4. Why the prediction is ambiguous rather than clearly right or wrong
• Sacks’s claim bundles several qualitative and long‑horizon ideas: a “new, sustained golden era” comparable to the early‑2000s boom, and “not…a bubble‑level of excess.” These terms are inherently subjective and would normally require many years of data to judge. By November 2025 we have only about one year of post‑prediction history.
• The observable facts cut both ways: AI has clearly powered a major boom in tech markets and VC dealflow, but fundraising stress, regional weakness, and persistent “AI bubble” warnings complicate any claim that the era is both broadly golden and clearly non‑bubble.

Because the macro precondition largely occurred, but the downstream claim about a “sustained golden era” without bubble‑level excess depends on contested, long‑term, and partly subjective judgments, the outcome cannot be assessed as definitively right or wrong at this point. Hence the result here is ambiguous.

politics
In the November 2024 U.S. presidential election, Donald Trump has a better-than-even chance to win, aided by a material bloc of "shy" Trump voters who will not disclose their support to pollsters or acquaintances but will vote for him privately.
So if he does lose and I don't know that he's going to lose, I think there's a lot of people who are going to go in there and vote for him, but not say it to pollsters and not say it to their family and friends because they're embarrassed... So I think it's a pretty good chance that he's going to win. ActuallyView on YouTube
Explanation

Donald Trump did in fact win the November 5, 2024 U.S. presidential election, defeating Kamala Harris with 312 electoral votes to 226 and winning the popular vote roughly 49.8% to 48.3%. (en.wikipedia.org) This means Jason’s stated view that there was a “pretty good” / better‑than‑even chance Trump would win ended up aligned with the actual outcome.

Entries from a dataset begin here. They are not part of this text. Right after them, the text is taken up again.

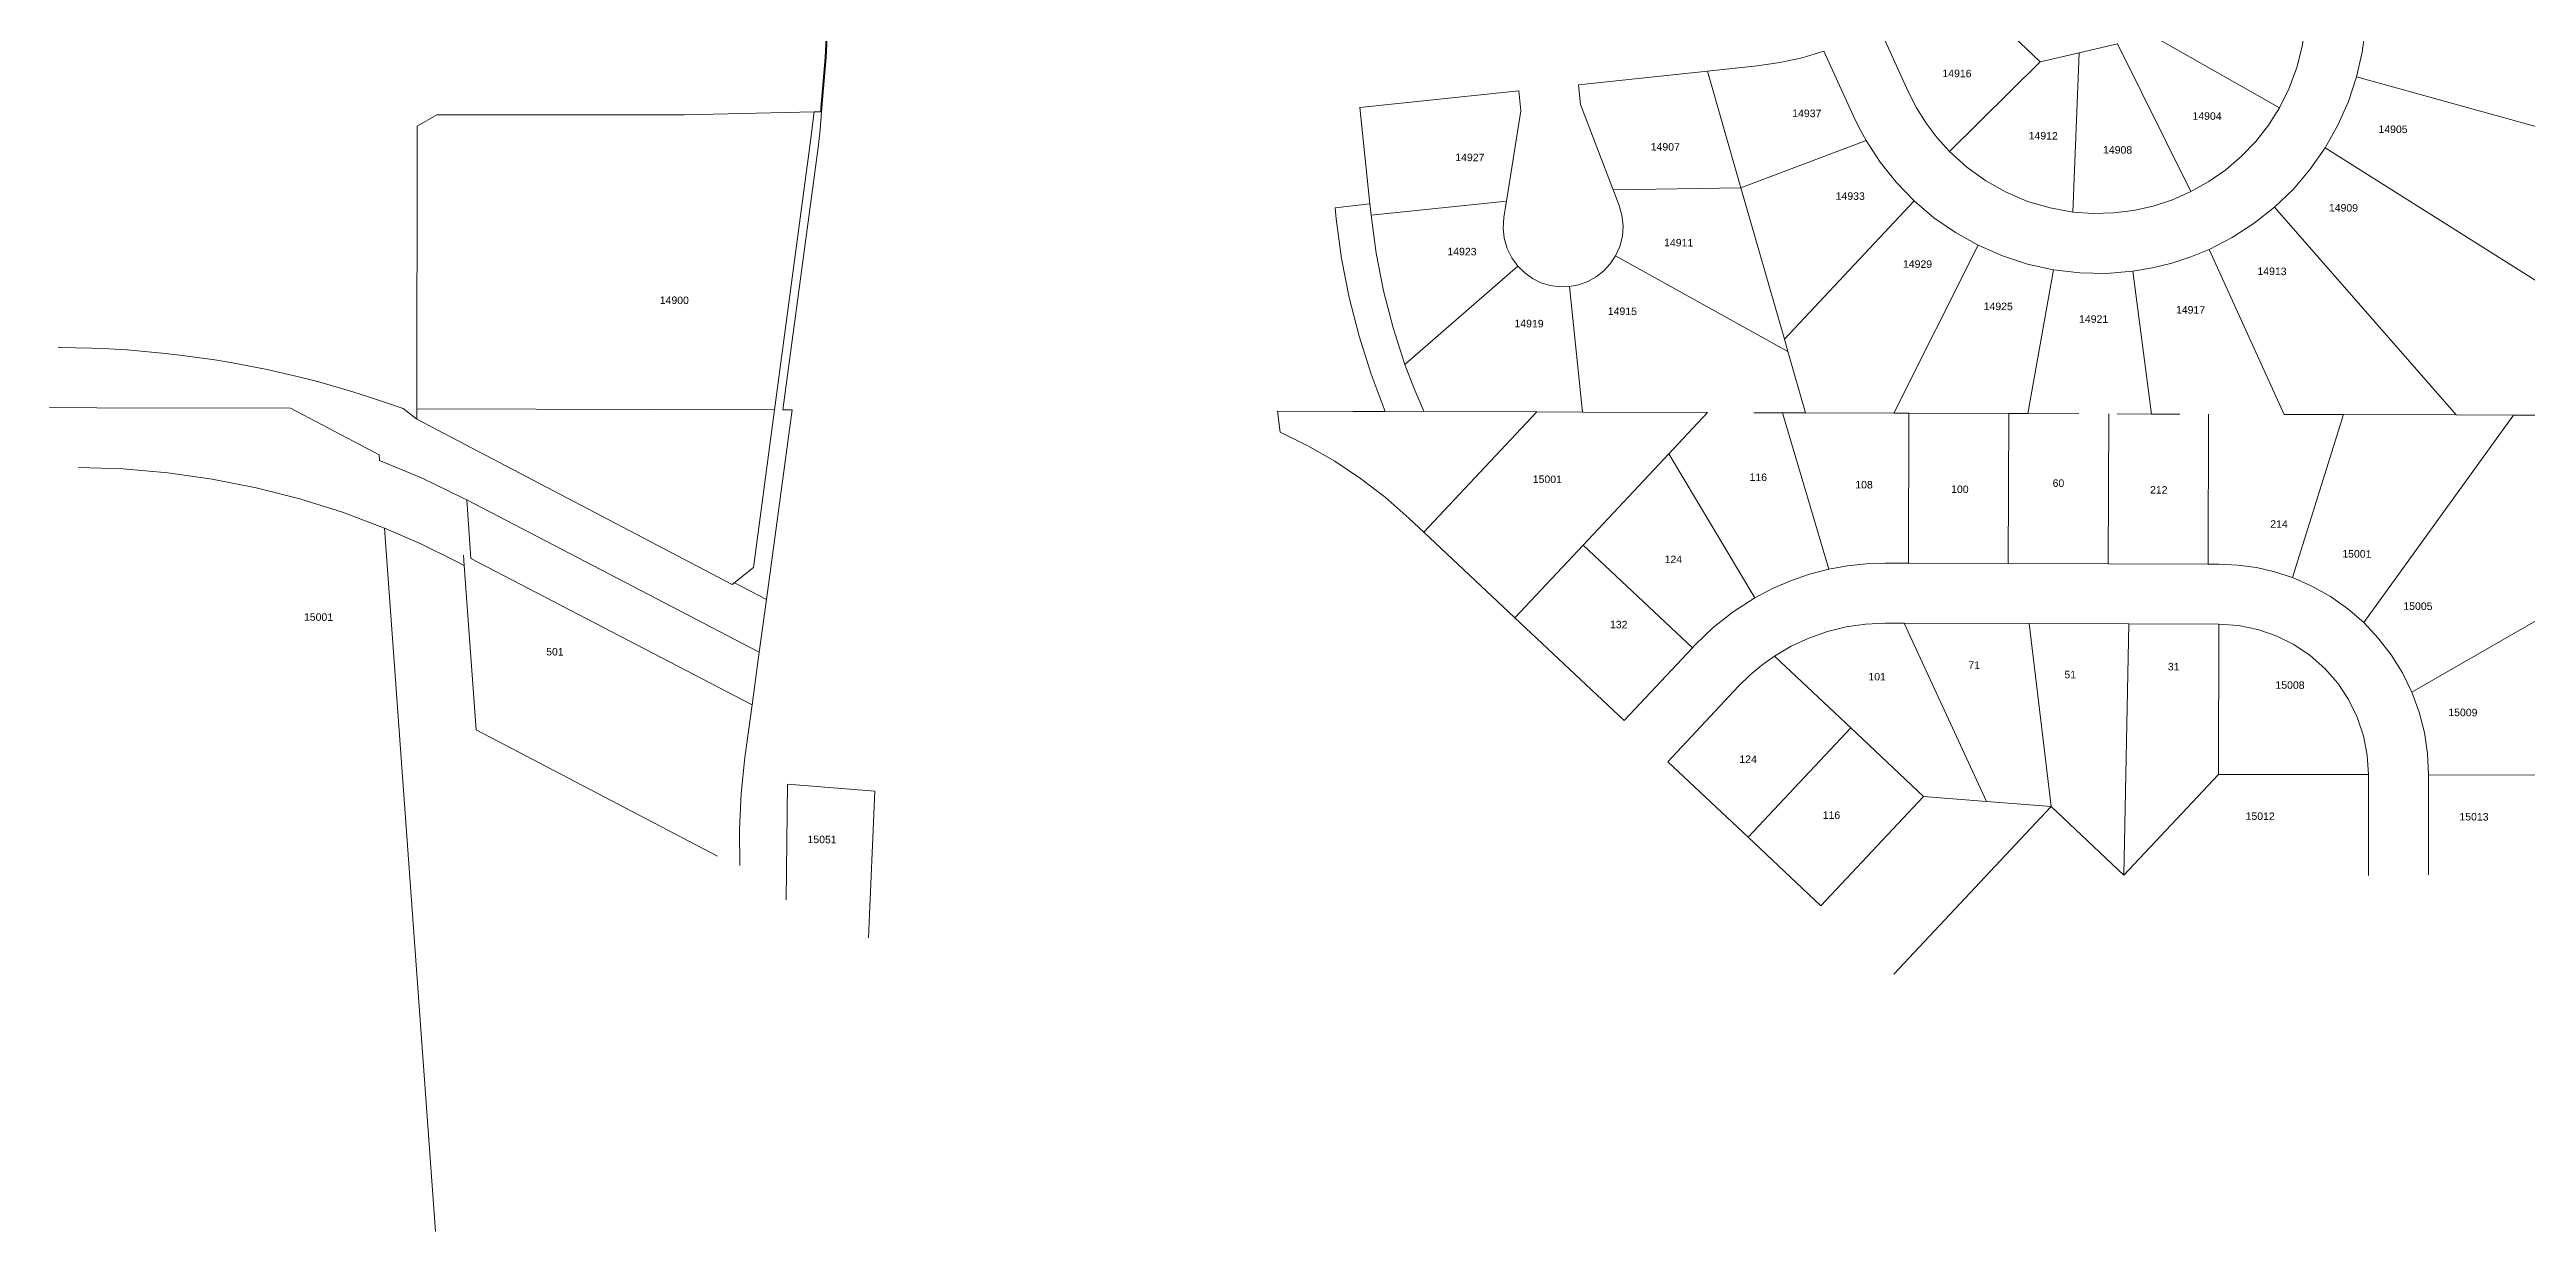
# Model space of a CAD drawing. Header units: feet. Extents: x 2808417 to 2820762, y 948624 to 970780.
# Drawn here: x 2809766 to 2812244, y 959438 to 960620 of the extents above; entities that cross this region are included whole.
import ezdxf
from ezdxf.enums import TextEntityAlignment as Align

# ---------------------------------------------------------------- set-up
doc = ezdxf.new("R2010")
doc.units = ezdxf.units.FT
doc.header["$LTSCALE"] = 0.015
doc.header["$MEASUREMENT"] = 0
doc.layers.add('Dakota County Addresses', color=7, linetype='Continuous')
doc.layers.add('Dakota County Parcels', color=7, linetype='Continuous')
doc.styles.add('Dimensions 100', font='arial.ttf')

# ---------------------------------------------------------------- blocks, each defined once
blk = doc.blocks.new('ACMAP_ANN_TEMPLATE_Dakota County Addresses')
at = {"layer": 'Dakota County Addresses', "style": 'Dimensions 100'}
blk.add_attdef('DakotaCountyAddress', text='', height=50, dxfattribs=at).set_placement((0, 0), align=Align.CENTER)

msp = doc.modelspace()

# ---------------------------------------------------------------- linework, layer by layer
at = {"layer": 'Dakota County Parcels', "lineweight": 5}
for p, q in [((2811663.7, 960696.6), (2811757.6, 960607.5)), ((2811595.6, 960642.9), (2811625.3, 960577.8)), ((2811840.6, 960650), (2811996.8, 960561.5)), ((2811541, 960618), (2811570.7, 960553)), ((2811757.6, 960607.5), (2811796.6, 960616.4)), ((2811790.3, 960457.1), (2811796.6, 960616.4)), ((2811796.6, 960616.4), (2811834.7, 960625.2)), ((2811834.7, 960625.2), (2811908.3, 960477.6)), ((2811295.4, 960584.5), (2811424.7, 960598.1)), ((2811424.7, 960598.1), (2811474.4, 960603.3)), ((2811458.1, 960481.5), (2811424.7, 960598.1)), ((2811666.7, 960517.7), (2811757.6, 960607.5)), ((2812074.1, 960592.5), (2812261.8, 960540.4)), ((2811076.6, 960561.6), (2811235.7, 960578.3)), ((2811086.8, 960465.2), (2811076.6, 960561.6)), ((2811237.8, 960558.4), (2811235.7, 960578.3)), ((2811297.5, 960564.7), (2811295.4, 960584.5)), ((2811330.2, 960479.3), (2811297.5, 960564.7)), ((2810133.3, 960249.9), (2810133.4, 960542.9)), ((2810133.3, 960249.9), (2810133.4, 960542.9)), ((2810153.2, 960554.3), (2810133.4, 960542.9)), ((2810153.2, 960554.3), (2810133.4, 960542.9)), ((2810401.1, 960554.2), (2810153.2, 960554.3)), ((2810401.1, 960554.2), (2810153.2, 960554.3)), ((2810401.1, 960554.2), (2810530.6, 960557.5)), ((2810530.6, 960557.5), (2810526.7, 960525.6)), ((2811223.5, 960468.1), (2811237.8, 960558.4)), ((2810526.7, 960525.6), (2810491.1, 960259.5)), ((2810499.4, 960259.4), (2810534.6, 960521.6)), ((2811458.1, 960481.5), (2811583.2, 960528.7)), ((2811583.2, 960528.7), (2811583.3, 960528.7)), ((2812042.6, 960521.3), (2812283.5, 960369.7)), ((2811051.9, 960461.5), (2811086.8, 960465.2)), ((2811051.9, 960461.5), (2811053.1, 960450.2)), ((2811087.9, 960453.9), (2811086.8, 960465.2)), ((2811087.9, 960453.9), (2811223.5, 960468.1)), ((2811220.9, 960451.7), (2811223.5, 960468.1)), ((2811330.2, 960479.3), (2811458.1, 960481.5)), ((2811336.2, 960463.8), (2811330.2, 960479.3)), ((2811501.5, 960330), (2811458.1, 960481.5)), ((2811501.5, 960330), (2811631.3, 960468.4)), ((2811992, 960462), (2812173.6, 960254.3)), ((2811332.6, 960413.2), (2811505, 960317.6)), ((2811610.9, 960256), (2811695.3, 960423.9)), ((2811926.6, 960419.8), (2812001.7, 960254.8)), ((2811121.9, 960304.8), (2811234.9, 960403)), ((2811745.2, 960255.6), (2811770.8, 960399.3)), ((2811850.2, 960397.9), (2811869, 960255.2)), ((2811299.6, 960257), (2811286.4, 960382.7)), ((2811505, 960317.6), (2811501.5, 960330)), ((2811505, 960317.6), (2811522.6, 960256.3)), ((2810095.5, 960214.5), (2810006.7, 960260.9)), ((2810119.4, 960260.6), (2810133.3, 960249.9)), ((2810119.4, 960260.6), (2810133.3, 960249.9)), ((2810133.3, 960260.5), (2810491.1, 960259.5)), ((2810133.3, 960249.9), (2810448.7, 960084.7)), ((2810133.3, 960249.9), (2810448.7, 960084.7)), ((2810491.1, 960259.5), (2810469.9, 960101.8)), ((2810508.6, 960259.4), (2810482.9, 960069.8)), ((2810499.4, 960259.4), (2810508.6, 960259.4)), ((2810997, 960237.1), (2810994.3, 960257.9)), ((2811102.1, 960257.6), (2811140.7, 960258)), ((2811140.7, 960258), (2811253.7, 960257.3)), ((2811140.7, 960136.9), (2811253.6, 960257.1)), ((2811253.6, 960257.1), (2811253.7, 960257.3)), ((2811253.7, 960257.3), (2811299.6, 960257)), ((2811299.6, 960257), (2811424.7, 960256.6)), ((2811385.9, 960215.3), (2811424.7, 960256.6)), ((2811470.8, 960256.5), (2811499.7, 960256.4)), ((2811499.7, 960256.4), (2811522.6, 960256.3)), ((2811499.7, 960256.4), (2811546.1, 960100.1)), ((2811522.6, 960256.3), (2811610.9, 960256)), ((2811610.9, 960256), (2811626.1, 960256)), ((2811625.6, 960106), (2811626.1, 960256)), ((2811626.1, 960256), (2811726.1, 960255.7)), ((2811725.6, 960105.7), (2811726.1, 960255.7)), ((2811726.1, 960255.7), (2811745.2, 960255.6)), ((2811745.2, 960255.6), (2811796, 960255.5)), ((2811796, 960255.5), (2811796, 960255.5)), ((2811825.6, 960105.4), (2811826.1, 960255.4)), ((2811834.4, 960255.3), (2811869, 960255.2)), ((2811869, 960255.2), (2811897.1, 960255.1)), ((2811925.6, 960105.1), (2811926, 960255.1)), ((2812001.7, 960254.8), (2812061, 960254.6)), ((2812009.8, 960091.6), (2812061, 960254.6)), ((2812061, 960254.6), (2812173.6, 960254.3)), ((2812081.3, 960046.6), (2812231, 960254.1)), ((2812173.6, 960254.3), (2812231, 960254.1)), ((2812231, 960254.1), (2812298.2, 960253.9)), ((2810095.9, 960208.8), (2810095.5, 960214.5)), ((2811300.3, 960124.2), (2811385.9, 960215.3)), ((2811385.9, 960215.3), (2811471.8, 960071.3)), ((2810179, 960171.4), (2810183.1, 960169.3)), ((2810187.3, 960110.8), (2810183.1, 960169.3)), ((2810183.1, 960169.3), (2810475.7, 960017.2)), ((2810100.8, 960141.2), (2810151.9, 959437.8)), ((2811126.2, 960150.6), (2811140.7, 960136.9)), ((2811140.7, 960136.9), (2811231.8, 960051.3)), ((2811231.8, 960051.3), (2811300.3, 960124.2)), ((2811300.3, 960124.2), (2811409.6, 960021.5)), ((2810180.6, 960103.6), (2810171.5, 960108.4)), ((2810179.9, 960113.9), (2810180.6, 960103.6)), ((2810180.6, 960103.6), (2810192.5, 959939.4)), ((2810187.3, 960110.8), (2810468.6, 959964.5)), ((2810469.9, 960101.8), (2810448.7, 960084.7)), ((2811602.4, 960106.1), (2811625.6, 960106)), ((2811625.6, 960106), (2811725.6, 960105.7)), ((2811725.6, 960105.7), (2811825.6, 960105.4)), ((2811825.6, 960105.4), (2811925.6, 960105.1)), ((2811925.6, 960105.1), (2811936.5, 960105)), ((2810450.9, 960086.4), (2810482.9, 960069.8)), ((2810475.7, 960017.2), (2810482.9, 960069.8)), ((2812129.3, 959977.2), (2812297.9, 960073.9)), ((2811231.8, 960051.3), (2811341.1, 959948.6)), ((2811602.3, 960046.1), (2811621.3, 960046)), ((2811621.3, 960046), (2811703.6, 959867.8)), ((2811621.3, 960046), (2811746.3, 960045.6)), ((2811746.3, 960045.6), (2811768.4, 959862.6)), ((2811746.3, 960045.6), (2811846.3, 960045.3)), ((2811841.3, 959794.2), (2811846.3, 960045.3)), ((2811846.3, 960045.3), (2811936.3, 960045)), ((2811935.9, 959894.8), (2811936.3, 960045)), ((2810468.6, 959964.5), (2810475.7, 960017.2)), ((2811341.1, 959948.6), (2811409.6, 960021.5)), ((2811409.6, 960021.5), (2811412, 960024)), ((2811491.5, 960013.1), (2811567.9, 959941.3)), ((2811384.8, 959907.5), (2811455.7, 959983)), ((2810461.4, 959911.7), (2810468.6, 959964.5)), ((2811465.2, 959832), (2811567.9, 959941.3)), ((2811567.9, 959941.3), (2811640.8, 959872.8)), ((2810434, 959813), (2810192.5, 959939.4)), ((2811384.8, 959907.5), (2811465.2, 959832)), ((2811841.3, 959794.2), (2811935.9, 959894.8)), ((2811935.9, 959894.8), (2812086.1, 959894.6)), ((2812085.9, 959793.8), (2812086.1, 959894.6)), ((2812145.9, 959794.5), (2812146.1, 959894.5)), ((2812146.1, 959894.5), (2812296.7, 959894.2)), ((2810504.1, 959885.1), (2810502.6, 959769.5)), ((2810591.5, 959878.1), (2810504.1, 959885.1)), ((2810585.1, 959731.4), (2810591.5, 959878.1)), ((2811538, 959763.5), (2811640.8, 959872.8)), ((2811640.8, 959872.8), (2811703.6, 959867.8)), ((2811703.6, 959867.8), (2811768.4, 959862.6)), ((2811610.9, 959695.1), (2811768.4, 959862.6)), ((2811768.4, 959862.6), (2811841.3, 959794.2)), ((2811465.2, 959832), (2811538, 959763.5))]:
    msp.add_line(p, q, dxfattribs=at)
for points in [[(2810537, 960557.5), (2810541.8, 960611.7), (2810544.5, 960666.1), (2810545, 960720.5), (2810543.4, 960774.9), (2810539.7, 960829.2), (2810533.9, 960883.4), (2810525.9, 960937.2)], [(2810538, 960557.5), (2810542.8, 960611.7), (2810545.5, 960666.1), (2810546, 960720.6), (2810544.4, 960775), (2810540.7, 960829.4), (2810534.9, 960883.5), (2810526.9, 960937.4)], [(2811996.8, 960561.5), (2812006.6, 960581.1), (2812014.2, 960601.6), (2812019.7, 960622.7), (2812022.9, 960644.3), (2812023.9, 960666.1)], [(2812074.1, 960592.5), (2812079.7, 960616.9), (2812082.9, 960641.7), (2812083.9, 960666.6)], [(2811474.4, 960603.3), (2811497, 960606.6), (2811519.2, 960611.5), (2811541, 960618)], [(2812042.6, 960521.3), (2812055.4, 960543.9), (2812065.9, 960567.8), (2812074.1, 960592.5)], [(2811625.3, 960577.8), (2811633.6, 960561.5), (2811643.4, 960545.9), (2811654.4, 960531.3), (2811666.7, 960517.7)], [(2811908.3, 960477.6), (2811926.3, 960487.7), (2811943.2, 960499.5), (2811958.8, 960512.9), (2811973.1, 960527.8), (2811985.8, 960544.1), (2811996.8, 960561.5)], [(2810530.6, 960557.5), (2810537, 960557.5), (2810538, 960557.5)], [(2810534.6, 960521.6), (2810536.9, 960539.4), (2810538, 960557.5)], [(2811570.7, 960553), (2811576.7, 960540.7), (2811583.3, 960528.7)], [(2811583.3, 960528.7), (2811597.3, 960507.1), (2811613.4, 960486.9), (2811631.3, 960468.4)], [(2811666.7, 960517.7), (2811684.1, 960502), (2811703, 960488.3), (2811723.4, 960476.9), (2811744.9, 960467.8), (2811767.3, 960461.2), (2811790.3, 960457.1)], [(2811992, 960462), (2812010.8, 960480.1), (2812027.7, 960499.9), (2812042.6, 960521.3)], [(2811332.6, 960413.2), (2811336.9, 960422.8), (2811339.4, 960432.9), (2811340.1, 960443.4), (2811339, 960453.8), (2811336.2, 960463.8)], [(2811631.3, 960468.4), (2811651.2, 960451.5), (2811672.6, 960436.6), (2811695.3, 960423.9)], [(2811790.3, 960457.1), (2811810.5, 960455.7), (2811830.7, 960456.2), (2811850.8, 960458.7), (2811870.5, 960463.1), (2811889.8, 960469.4), (2811908.3, 960477.6)], [(2811926.6, 960419.8), (2811949.7, 960431.8), (2811971.6, 960445.9), (2811992, 960462)], [(2811053.1, 960450.2), (2811058.5, 960410.7), (2811066.2, 960371.6), (2811076, 960332.9), (2811088, 960294.9), (2811102.1, 960257.6)], [(2811087.9, 960453.9), (2811093, 960415.9), (2811100.4, 960378.3), (2811110.1, 960341.2), (2811121.9, 960304.8)], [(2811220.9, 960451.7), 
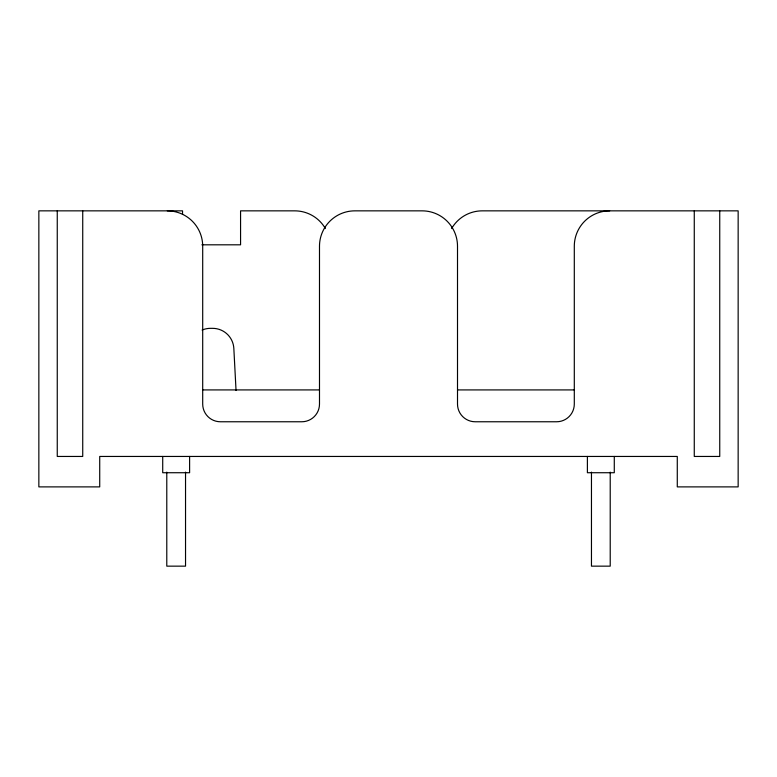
<?xml version="1.0" encoding="UTF-8"?>
<svg xmlns="http://www.w3.org/2000/svg" width="777" height="777" viewBox="0 0 777 777"><rect width="100%" height="100%" fill="white"/><g stroke="black" fill="none" stroke-linecap="round" stroke-linejoin="round"><path stroke-width="1.17" d="M201.874 244.813L240.569 244.813L240.569 210.849L294.716 210.849A35.392 35.392 0 0 1 325.369 228.535M202.603 389.918L319.493 389.918M457.507 389.918L574.3 389.918M236.043 390.472L233.838 348.455A21.232 21.232 0 0 0 212.636 328.341L210.47 328.341A21.232 21.232 0 0 0 202.098 330.06M719.745 210.849L719.745 456.449L694.269 456.449L694.269 210.849M614.286 456.449L614.286 472.727L587.393 472.727L587.393 456.449M610.217 472.125L610.217 566.151L591.462 566.151L591.462 472.125M189.607 456.449L189.607 472.727L162.714 472.727L162.714 456.449M185.538 472.125L185.538 566.151L166.783 566.151L166.783 472.125M182.537 214.481L182.537 210.849L38.85 210.849L38.85 486.888L99.718 486.888L99.718 456.449L677.282 456.449L677.282 486.888L738.15 486.888L738.15 210.849L482.284 210.849A35.392 35.392 0 0 0 451.631 228.535M82.731 210.849L82.731 456.449L57.255 456.449L57.255 210.849M609.683 210.849A35.392 35.392 0 0 0 574.3 246.231L574.3 404.069A17.696 17.696 0 0 1 556.604 421.765L475.203 421.765A17.696 17.696 0 0 1 457.507 404.069L457.507 246.231A35.392 35.392 0 0 0 422.125 210.849L354.875 210.849A35.392 35.392 0 0 0 319.493 246.231L319.493 404.069A17.696 17.696 0 0 1 301.797 421.765L220.396 421.765A17.696 17.696 0 0 1 202.7 404.069L202.7 246.231A35.392 35.392 0 0 0 167.317 210.849"/></g></svg>

On the mechanism, post‑election analyses show that pre‑election polling once again slightly underestimated Trump’s support by about 2–3 percentage points nationally and in key swing states, generally biasing toward the Democrat. (theguardian.com) Explanations emphasize things like nonresponse bias and turnout modeling problems—Trump‑leaning voters being less likely to answer or complete polls, or breaking late toward Trump—rather than clear evidence of large numbers of voters actively lying to pollsters. (pewresearch.org) That pattern is at least directionally consistent with Jason’s idea that some Trump supporters were not fully visible in polling or social circles, though experts still debate how big a classic “shy Trump” (social‑desirability) effect really is.

Because the core, checkable part of the prediction—Trump having a strong chance and ultimately winning in November 2024—came true, and the claimed existence of a non‑open Trump‑supporting bloc is broadly consistent with the observed, modest undercount of Trump in polls (even if the exact cause is disputed), the fairest overall judgment is that this prediction was right.